BEGIN INFORMATION GIVEN
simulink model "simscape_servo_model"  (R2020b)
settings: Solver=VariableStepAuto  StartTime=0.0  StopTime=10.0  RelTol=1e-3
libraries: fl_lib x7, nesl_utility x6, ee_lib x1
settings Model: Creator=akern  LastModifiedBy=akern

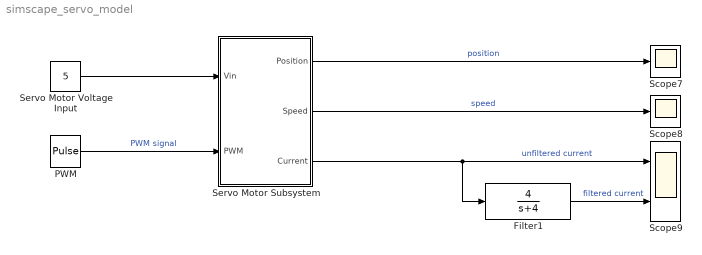
== system simscape_servo_model ==
  Filter1 : TransferFcn  Numerator=[4]  Denominator=[1 4]
  PWM : DiscretePulseGenerator  PulseType=Time based  Amplitude=5  Period=1/500  PulseWidth=50
  Scope7 : Scope
  Scope8 : Scope
  Scope9 : Scope  NumInputPorts=2
  Servo Motor Subsystem : Subsystem
  Servo Motor Voltage Input : Constant  Value=5
  wires:
  Servo Motor Subsystem/2(Speed) -> Scope8/1  "speed"
  Servo Motor Subsystem/3(Current) -> Scope9/1, Filter1/1  "unfiltered current"
  Servo Motor Voltage Input/1 -> Servo Motor Subsystem/1(Vin)
  Servo Motor Subsystem/1(Position) -> Scope7/1  "position"
  Filter1/1 -> Scope9/2  "filtered current"
  PWM/1 -> Servo Motor Subsystem/2(PWM)  "PWM signal"

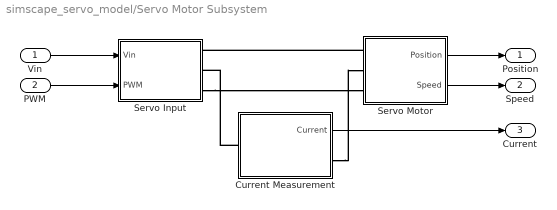
== system simscape_servo_model/Servo Motor Subsystem ==
  Vin : Inport
  PWM : Inport  Port=2
  Current Measurement : Subsystem
  Servo Input : Subsystem
  Servo Motor : Subsystem
  Position : Outport
  Speed : Outport  Port=2
  Current : Outport  Port=3
  wires:
  Servo Motor/1(Position) -> Position/1
  Vin/1 -> Servo Input/1(Vin)
  Servo Motor/2(Speed) -> Speed/1
  PWM/1 -> Servo Input/2(PWM)
  Current Measurement/1(Current) -> Current/1
  connections:
  Servo Motor/LConn1 -- Servo Input/RConn1
  Servo Input/RConn3 -- Servo Motor/LConn3
  Current Measurement/LConn1 -- Servo Input/RConn2
  Current Measurement/RConn1 -- Servo Motor/LConn2

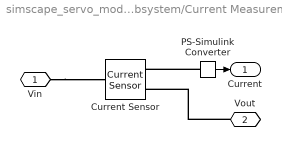
== system simscape_servo_model/Servo Motor Subsystem/Current Measurement ==
  Current Sensor : fl_lib/Electrical/Electrical Sensors/Current Sensor
  PS-Simulink Converter : nesl_utility/PS-Simulink Converter  PhysicalDomain=network_engine_domain  SubClassName=ps_output  LeftPortType=input  RightPortType=output  PseudoPeriodic=off  Frequencies=[]  Unit=inherit  AffineConversion=off
  Vin : PMIOPort  Side=Left
  Vout : PMIOPort  Port=2  Side=Right
  Current : Outport
  wires:
  PS-Simulink Converter/1 -> Current/1
  connections:
  PS-Simulink Converter/LConn1 -- Current Sensor/RConn1
  Vout/RConn1 -- Current Sensor/RConn2
  Vin/RConn1 -- Current Sensor/LConn1

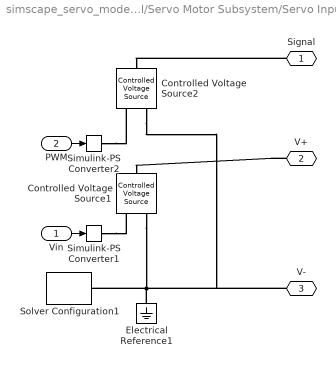
== system simscape_servo_model/Servo Motor Subsystem/Servo Input ==
  Vin : Inport
  PWM : Inport  Port=2
  Controlled Voltage Source1 : fl_lib/Electrical/Electrical Sources/Controlled Voltage Source
  Controlled Voltage Source2 : fl_lib/Electrical/Electrical Sources/Controlled Voltage Source
  Electrical Reference1 : fl_lib/Electrical/Electrical Elements/Electrical Reference
  Simulink-PS Converter1 : nesl_utility/Simulink-PS Converter  PhysicalDomain=network_engine_domain  SubClassName=ps_input  LeftPortType=input  RightPortType=output  PseudoPeriodic=off  Frequencies=[]  NoiseDistribution=none  NoiseParameters=[]  Unit=1  AffineConversion=off  FilteringAndDerivatives=provide  SimscapeFilterOrder=1  InputFilterTimeConstant=0.001  UdotUserProvided=0
  Simulink-PS Converter2 : nesl_utility/Simulink-PS Converter  PhysicalDomain=network_engine_domain  SubClassName=ps_input  LeftPortType=input  RightPortType=output  PseudoPeriodic=off  Frequencies=[]  NoiseDistribution=none  NoiseParameters=[]  Unit=1  AffineConversion=off  FilteringAndDerivatives=provide  SimscapeFilterOrder=1  InputFilterTimeConstant=0.001  UdotUserProvided=0
  Solver Configuration1 : nesl_utility/Solver Configuration  PhysicalDomain=network_engine_domain  SubClassName=solver  LeftPortType=input  RightPortType=generic  Tones=[]  Harmonics=[]  SimulateNoise=off  Profile=off  UseLocalSampling=off  EnableSwitchedLinearOptims=on  FrequencyDomain=off  UseCCode=off  RelTol=0.001  AbsTol=1e-06  MinStep=1e-09  ToWorkspace=off  RevertToSquareIcSolve=off  NumHomotopyIterations=100  PhasorMode=off  PhasorModeNumHarmonics=1  DoDC=off  ResidualTolerance=1e-09  UseLocalSolver=off  LocalSolverChoice=NE_BACKWARD_EULER_ADVANCER  LocalSolverSampleTime=0.001  DoFixedCost=off  MaxNonlinIter=3  MaxModeIter=2  ComputeImpulses=off  ImpulseIterations=2  LinearAlgebra=auto  EquationFormulation=NE_TIME_EF  DelaysMemoryBudget=1024  AutomaticFiltering=on  FilteringTimeConstant=0.001  PartitionStorageMethod=AS_NEEDED  PartitionMemoryBudget=1024  PartitionMethod=ROBUST
  Signal : PMIOPort  Side=Right
  V+ : PMIOPort  Port=2  Side=Right
  V- : PMIOPort  Port=3  Side=Right
  wires:
  PWM/1 -> Simulink-PS Converter2/1
  Vin/1 -> Simulink-PS Converter1/1
  connections:
  Controlled Voltage Source1/RConn2 -- Electrical Reference1/LConn1 -- Solver Configuration1/RConn1 -- Controlled Voltage Source2/RConn2 -- V-/RConn1
  Simulink-PS Converter1/RConn1 -- Controlled Voltage Source1/RConn1
  Signal/RConn1 -- Controlled Voltage Source2/LConn1
  Simulink-PS Converter2/RConn1 -- Controlled Voltage Source2/RConn1
  V+/RConn1 -- Controlled Voltage Source1/LConn1

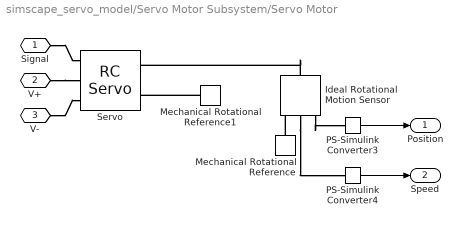
== system simscape_servo_model/Servo Motor Subsystem/Servo Motor ==
  Ideal Rotational Motion Sensor : fl_lib/Mechanical/Mechanical Sensors/Ideal Rotational Motion Sensor  wrap_angle=simscape.enum.onoff.off  offset=0 rad
  Mechanical Rotational Reference : fl_lib/Mechanical/Rotational Elements/Mechanical Rotational Reference
  Mechanical Rotational Reference1 : fl_lib/Mechanical/Rotational Elements/Mechanical Rotational Reference
  PS-Simulink Converter3 : nesl_utility/PS-Simulink Converter  PhysicalDomain=network_engine_domain  SubClassName=ps_output  LeftPortType=input  RightPortType=output  PseudoPeriodic=off  Frequencies=[]  Unit=inherit  AffineConversion=off
  PS-Simulink Converter4 : nesl_utility/PS-Simulink Converter  PhysicalDomain=network_engine_domain  SubClassName=ps_output  LeftPortType=input  RightPortType=output  PseudoPeriodic=off  Frequencies=[]  Unit=inherit  AffineConversion=off
  Servo : ee_lib/Electromechanical/Brushed Motors/RC Servo  stall_torque=2.4 kg*cm  time_60=0.28 s  nominal_voltage=4.8 V  rotational_range=[0, 180] deg  pulse_width_range=[550, 2330] us  threshold=3 V  R_s=18 kOhm  resolution=0.1 deg  angle_meas_error=0 deg  backdrive_torque=0.5 kg*cm  ratio=320  inertia=0.01 g*cm^2  endstop_angles=[-5, 185] deg  endstop_stiffness=1e6 N*m/rad  endstop_damping=0.01 N*m/(rad/s)  enable_faults=0  fault_action=1  fault_type=1  enable_temporal_fault=0  t_fault=1 s  enable_behavioral_fault=0  max_permissible_current=1 A  t_fail_on_current=1 s  angle_specify=off  angle_priority=High  angle=90 deg  angle_nominal_specify=off  angle_nominal_unit=deg  angle_nominal_value=1  w_specify=off  w_priority=High  w=0 deg/s  w_nominal_specify=off  w_nominal_unit=deg/s  w_nominal_value=1  torque_specify=off  torque_priority=None  torque=0 N*m  torque_nominal_specify=off  torque_nominal_unit=N*m  torque_nominal_value=1  pulse_width_specify=off  pulse_width_priority=Low  pulse_width=1.5 ms  i_specify=off  i_priority=None  i=0 A  i_nominal_specify=off  i_nominal_unit=A  i_nominal_value=1  i_s_specify=off  i_s_priority=None  i_s=0 A  i_s_nominal_specify=off  i_s_nominal_unit=A  i_s_nominal_value=1  motor_torque_specify=off  motor_torque_priority=None  motor_torque=0 N*m  motor_torque_nominal_specify=off  motor_torque_nominal_unit=N*m  motor_torque_nominal_value=1  power_dissipated_specify=off  power_dissipated_priority=None  power_dissipated=0 W  power_dissipated_nominal_specify=off  power_dissipated_nominal_unit=W  power_dissipated_nominal_value=1  angle_demand_specify=off  angle_demand_priority=None  angle_demand=90 deg  angle_demand_nominal_specify=off  angle_demand_nominal_unit=deg  angle_demand_nominal_value=1  faulted_specify=off  faulted_priority=None  faulted=0  faulted_nominal_specify=off  faulted_nominal_unit=1  faulted_nominal_value=1
      settings: SourceProductBaseCode=PS  InternalSimscapePortConfiguration="{\"Bottom\":[],\"Left\":[{\"id\":\"s\",\"label\":\"s\",\"type\":\"foundation.electrical.electrical\"},{\"id\":\"p\",\"label\":\"+\",\"type\":\"foundation.electrical.electrical\"},{\"id\":\"n\",\"label\":\"-\",\"type\":\"foundation.electrical.electrical\"}],\"Right\":[{\"id\":\"R\",\"label\":\"R\",\"type\":\"foundation.mechanical.rotational.rotational\"},{\"id\":\"C\",\"label\":\"C\",\"type\":\"foundation.mechanical.rotational.rotational\"}],\"Top\":[]}"
  Signal : PMIOPort  Side=Left
  V+ : PMIOPort  Port=2  Side=Left
  V- : PMIOPort  Port=3  Side=Left
  Position : Outport
  Speed : Outport  Port=2
  wires:
  PS-Simulink Converter3/1 -> Position/1
  PS-Simulink Converter4/1 -> Speed/1
  connections:
  Signal/RConn1 -- Servo/LConn1
  V-/RConn1 -- Servo/LConn3
  Ideal Rotational Motion Sensor/RConn2 -- PS-Simulink Converter4/LConn1
  Mechanical Rotational Reference/LConn1 -- Ideal Rotational Motion Sensor/RConn1
  Ideal Rotational Motion Sensor/RConn3 -- PS-Simulink Converter3/LConn1
  V+/RConn1 -- Servo/LConn2
  Ideal Rotational Motion Sensor/LConn1 -- Servo/RConn1
  Mechanical Rotational Reference1/LConn1 -- Servo/RConn2
END INFORMATION GIVEN
Lines in the data that include the word "Measurement" should all be copied.

→ RESULT BELOW
  Current Measurement : Subsystem
  Current Measurement/1(Current) -> Current/1
  Current Measurement/LConn1 -- Servo Input/RConn2
  Current Measurement/RConn1 -- Servo Motor/LConn2
== system simscape_servo_model/Servo Motor Subsystem/Current Measurement ==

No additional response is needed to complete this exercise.